This is one of many derivations of the applicative-order Y-combinator. See the publication "The Why of Y" for another derivation.

## Comments

Greatpost!I think this approach to deriving the Y combinator really appeals to the hackers. I'll share with my students.

I teach a compilers class, and I wrote up an alternate derivation for my students that starts with fixed points; you might be interested:

Deriving a memoizing Y combinator for JavaScript from fixed point theory.

s/But this is now what we want, we a real length function that works for lists with any number of elements./But this is not what we want, we want a real length function that works for lists with any number of elements./

most programming languages that support anonymous functions can also name the anonymous function(might be an extra line of code but that's fine).

When is a situation where we "cannot give names" to an anonymous function?

tommy > there is a quirk in the Erlang syntax, wich makes that you can't have a local declaration of a recursive function (inside an expression) : actually, there is no syntax for named function declaration inside expressions, so you have to use anonymous functions. Hence, you can't declare a local recursive function without such a fixpoint operator. This is actually a bad idea, as you end up reimplementing a part of the runtime system in a probably slow and certainly cryptic way, but that was just for the example.

Peter > this combinator is just one among the different fixpoint combinators available. There is for example the Turing Fixpoint combinator, wich is also derivable. Do you know where in your derivation you made a decision that lead you to this combinator instead of another ? I have a gut feeling that the derivation is not "canonical" and that one could probably use a slightly different succession of software-engineering-and-common-sense steps that would naturally lead to another combinator.

Also, I'm not sure I agree with your presentation of the Y-combinator. You describe it as something about recursion and anonymous functions. I believe it is much more general than that : fixpoint combinators allow you to control recursion. It is all about parametrizing the function you call over at your recursion sites, instead of hardcoding recursion using the language syntax (or lack of).
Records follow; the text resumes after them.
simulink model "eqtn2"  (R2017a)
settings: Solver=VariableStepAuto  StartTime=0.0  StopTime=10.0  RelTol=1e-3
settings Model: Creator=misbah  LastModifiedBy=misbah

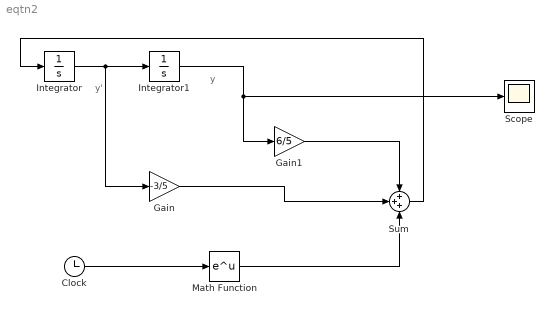
== system eqtn2 ==
  note: y
  note: y'
  Clock : Clock
  Gain : Gain  Gain=-3/5
  Gain1 : Gain  Gain=6/5
  Integrator : Integrator
  Integrator1 : Integrator
  Math Function : Math  SaturateOnIntegerOverflow=on
  Scope : Scope
  Sum : Sum  Inputs=+++
  wires:
  Integrator/1 -> Gain/1, Integrator1/1
  Integrator1/1 -> Scope/1, Gain1/1
  Clock/1 -> Math Function/1
  Gain1/1 -> Sum/1
  Gain/1 -> Sum/2
  Math Function/1 -> Sum/3
  Sum/1 -> Integrator/1
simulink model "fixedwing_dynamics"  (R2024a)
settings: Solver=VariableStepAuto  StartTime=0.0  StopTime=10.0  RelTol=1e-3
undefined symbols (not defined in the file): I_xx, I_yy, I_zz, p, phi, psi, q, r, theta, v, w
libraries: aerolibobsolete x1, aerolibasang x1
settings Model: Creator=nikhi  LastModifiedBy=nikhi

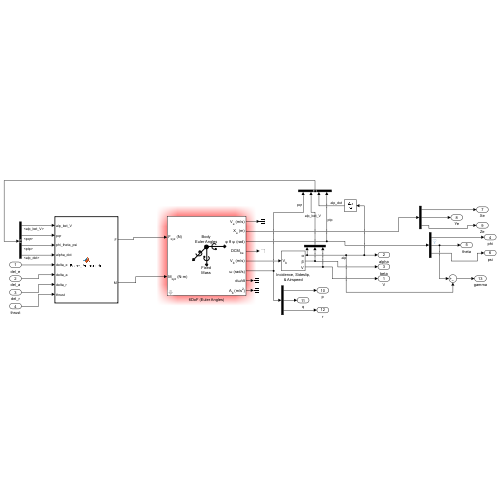
[thumbnail: Simulink's stored preview of the top-level diagram]
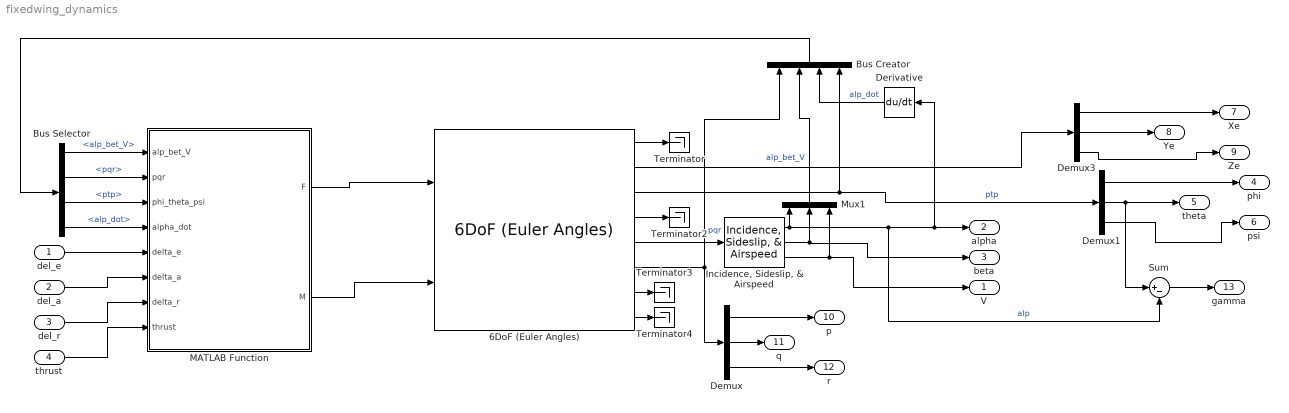
== system fixedwing_dynamics ==
  del_e : Inport
  del_a : Inport  Port=2
  del_r : Inport  Port=3
  thrust : Inport  Port=4
  6DoF (Euler Angles) : aerolibobsolete/6DoF (Euler Angles)  units=Metric (MKS)  mtype=Fixed  rep=Euler Angles  xme_0=[0 0 0]  Vm_0=[u v w]  eul_0=[phi theta psi]  pm_0=[p q r]  mass_0=m  mass_e=0.5  mass_f=2.0  inertia=diag([I_xx I_yy I_zz])  inertia_e=eye(3)  inertia_f=2*eye(3)  k_quat=1.0
  Bus Creator : BusCreator  Inputs=4
  Bus Selector : BusSelector  OutputSignals=alp_bet_V,pqr,ptp,alp_dot
  Demux : Demux  Outputs=3
  Demux1 : Demux  Outputs=3
  Demux3 : Demux  Outputs=3
  Derivative : Derivative
  "Incidence, Sideslip, & Airspeed" : aerolibasang/Incidence, Sideslip, & Airspeed
  MATLAB Function : MATLAB Function  TreatAsAtomicUnit=on
  Mux1 : Mux  Inputs=3
  Sum : Sum  Inputs=|+-
  Terminator{,2..4} (4 alike) : Terminator
  V : Outport
  alpha : Outport  Port=2
  beta : Outport  Port=3
  phi : Outport  Port=4
  theta : Outport  Port=5
  psi : Outport  Port=6
  Xe : Outport  Port=7
  Ye : Outport  Port=8
  Ze : Outport  Port=9
  p : Outport  Port=10
  q : Outport  Port=11
  r : Outport  Port=12
  gamma : Outport  Port=13
  wires:
  6DoF (Euler Angles)/3 -> Bus Creator/4, Demux1/1  "ptp"
  MATLAB Function/2(M) -> 6DoF (Euler Angles)/2
  Demux3/1 -> Xe/1
  Sum/1 -> gamma/1
  Demux1/3 -> psi/1
  del_r/1 -> MATLAB Function/7(delta_r)
  "Incidence, Sideslip, & Airspeed"/3 -> V/1, Mux1/3
  6DoF (Euler Angles)/4 -> Terminator2/1
  Bus Selector/4 -> MATLAB Function/4(alpha_dot)  "<alp_dot>"
  6DoF (Euler Angles)/7 -> Terminator3/1
  Demux/3 -> r/1
  thrust/1 -> MATLAB Function/8(thrust)
  Bus Selector/3 -> MATLAB Function/3(phi_theta_psi)  "<ptp>"
  del_a/1 -> MATLAB Function/6(delta_a)
  Demux3/3 -> Ze/1
  6DoF (Euler Angles)/8 -> Terminator4/1
  Derivative/1 -> Bus Creator/3  "alp_dot"
  Demux3/2 -> Ye/1
  Demux/1 -> p/1
  6DoF (Euler Angles)/2 -> Demux3/1
  6DoF (Euler Angles)/5 -> "Incidence, Sideslip, & Airspeed"/1
  del_e/1 -> MATLAB Function/5(delta_e)
  6DoF (Euler Angles)/1 -> Terminator/1
  "Incidence, Sideslip, & Airspeed"/1 -> alpha/1, Derivative/1, Sum/2, Mux1/1  "alp"
  MATLAB Function/1(F) -> 6DoF (Euler Angles)/1
  Demux1/2 -> theta/1, Sum/1
  Bus Selector/1 -> MATLAB Function/1(alp_bet_V)  "<alp_bet_V>"
  Bus Selector/2 -> MATLAB Function/2(pqr)  "<pqr>"
  Bus Creator/1 -> Bus Selector/1
  6DoF (Euler Angles)/6 -> Bus Creator/1, Demux/1  "pqr"
  Demux/2 -> q/1
  Mux1/1 -> Bus Creator/2  "alp_bet_V"
  Demux1/1 -> phi/1
  "Incidence, Sideslip, & Airspeed"/2 -> beta/1, Mux1/2

== matlab function fixedwing_dynamics/MATLAB Function ==
  data: alp_bet_V input; F output; pqr input; phi_theta_psi input; M output; alpha_dot input; delta_e input; delta_a input; delta_r input; thrust input
function [F, M] = Force_Aerosonde(alp_bet_V, pqr, phi_theta_psi, alpha_dot, delta_e, delta_a, delta_r, thrust)
F = zeros([3 1]);
M = zeros([3 1]);

alpha = alp_bet_V(1);
beta = alp_bet_V(2);
V = alp_bet_V(3);

p = pqr(1);
q = pqr(2);
r = pqr(3);

phi = phi_theta_psi(1);
theta = phi_theta_psi(2);
psi = phi_theta_psi(3);

g = 9.8;
rho = 1.2682;

m = 17;     % 1)a)11.458, b)+1.9344, c)+2.1625
C_bar = 0.18994;                    
b = 2.8956;
S_ref = 0.55;

C_L_0 = 0.28;
C_L_alpha = 3.45;
C_L_q = 0;
C_L_delta_e = -0.36;

% Ignore all other C_D derivatives excluding C_D_0
% Use C_D = C_D_0 + k*C_L^2

C_D_0 = 0.03 + 0.0172724;            % C_D_p (Using formula in book)
k = 0.023199;                       % 1/pi*e*AR

C_Y_beta = -0.98;
C_Y_p = 0;
C_Y_r = 0;
C_Y_delta_a = 0;
C_Y_delta_r = -0.17;                 % Added the parameter 

C_l_beta = -0.12;
C_l_p = -0.26;
C_l_r = 0.14;
C_l_delta_a = 0.08;
C_l_delta_r = 0.105;

C_M_0 = -0.02338;
C_M_alpha = -0.38;
C_M_alpha_dot = 0;              
C_M_q = -3.6;                   % Added the parameter
C_M_delta_e = -0.5;

C_N_beta = 0.25;
C_N_p = 0.022;
C_N_r = -0.35;
C_N_delta_a = 0.06;
C_N_delta_r = -0.032;


% CL using a Blending function "sigma"
M_sigma       = 50; 
alpha_0 = 0.4712;

CL_wing = C_L_0 + C_L_alpha*alpha + C_L_q*(q*C_bar/(2*V)) + C_L_delta_e*delta_e;

% Plate lift coefficient (already symmetric for alpha)
CL_plate = 2 * sign(alpha) * sin(alpha)^2 * cos(alpha);

% Blending function for symmetry
sigma   = (1 + exp(-M_sigma*(alpha-alpha_0)) + exp(M_sigma*(alpha+alpha_0)))/...
          ((1 + exp(-M_sigma*(alpha-alpha_0)))*(1 + exp(M_sigma*(alpha+alpha_0))));








C_L = (1 - sigma) * CL_wing + sigma * CL_plate;
C_D = C_D_0 + k*C_L^2;
C_Y = C_Y_beta*beta + C_Y_p*(p*b/(2*V)) + C_Y_r*(r*b/(2*V)) + C_Y_delta_a*delta_a + C_Y_delta_r*delta_r;

C_l = C_l_beta*beta + C_l_p*(p*b/(2*V)) + C_l_r*(r*b/(2*V)) + C_l_delta_a*delta_a + C_l_delta_r*delta_r;
C_M = C_M_0 + C_M_alpha*alpha + C_M_alpha_dot*(alpha_dot*C_bar/(2*V)) + C_M_delta_e*delta_e + C_M_q*(q*C_bar/(2*V));
C_N = C_N_beta*beta + C_N_p*(p*b/(2*V)) + C_N_r*(r*b/(2*V)) + C_N_delta_a*delta_a + C_N_delta_r*delta_r;

C_X = -C_D*cos(alpha) + C_L*sin(alpha);
C_Z = -C_D*sin(alpha) - C_L*cos(alpha);

F = zeros(3,1);
M = zeros(3,1);

q_bar = 0.5*rho*V*V;

F(1,1) = q_bar*S_ref*C_X - m*g*sin(theta) + thrust;
F(2,1) = q_bar*S_ref*C_Y + m*g*cos(theta)*sin(phi);
F(3,1) = q_bar*S_ref*C_Z + m*g*cos(theta)*cos(phi);

M(1,1) = q_bar*b*S_ref*C_l;
M(2,1) = q_bar*C_bar*S_ref*C_M;
M(3,1) = q_bar*b*S_ref*C_N;

From a software engineering point of view, you could say that it decouples two aspects of your function : the implementation (with domain-specific knowledge and all) and the "looping" / "tying the knot" process, wich is deferred to the fixpoint combinator.

You can do quite interesting (but somewhat hacky) things once you've decoupled those two separate concerns. Matt mentioned memoization (automagic memoization of inner recursive calls, wich have been exposed by the decoupling process), there are quite a few folk examples, see for example the following article That About Wraps it Up.

It's a funny hack, for example, to write in your favorite language a function that take any derecursified/decoupled function and, assuming the original function was tail-recursive, produce a tail-recursive implementation of it, using an explicit call stack, wich doesn't depend on the implementation of tail recursion in the compiler/runtime.

When we need to explain how the Y combinator works.

tommy i don't think you understand the point of this.

you need to realize that there are many applications of the Y combinator, many times the language you THINK "names" anon functions doesn't actually name them.

my only critique on this post is that you don't talk about omega, which to me is the easiest way to understand why Y works

This is nice! Just like the http://www.ece.uc.edu/~franco/C511/html/Scheme/ycomb.html explanation from some time in 1999. Good to see a refresh!!

Matt, thanks for noticing the typo. Gonna fix it.

Tommy, I can only think of lambda calculus that, if I understand correctly, uses Y-combinator to recurse.

Bluestorm, I am also familiar with Y! (Y-bang) combinator (from The Seasoned Schemer book). But I am not exactly sure how it's different from Y-combinator. I am still thinking about it. The derivation is similar to Y-combinator's but it's a bit different. The book says that it works the same as Y-combinator but then gives an example which Y-combinator processes but Y! combinator goes into an infinite loop. And thanks for the in-depth comment!

I wrote the Y! out when I was reading that chapter. I posted the code here: (define Y-bang ...) and example where Y-bang fails, but Y works.

Bruce, nice explanation! Thanks for sharing!

s/And now comes they they key trick/And now comes the key trick/

Paulo, fixed. :)

You didn't close a span:

Also, this: "Now the code in bold looks very much like the length function we need!" refers to nonexisting boldness.

Aside from that, an interesting read.

Roman, closed now, thanks for noticing! Also put the code in blog there. :)

The problem with the Y-Combinator is, that it cannot be typed. We have Y = \s.(\x.s(x x))(\x.s(x x)), such that Ys reduces to (\x.s(x x))(\x.s (x x)) which reduces to s((\x.s(x x))(\x.s(x x))) = s Ys, thus, having Ys reducing to all sssss...sYs, which means, Ys is not strongly normalizing - and since all typed lambda terms are strongly normalizing, it cannot be typed (actually, in the same way, no fixpoint combinator can be typed).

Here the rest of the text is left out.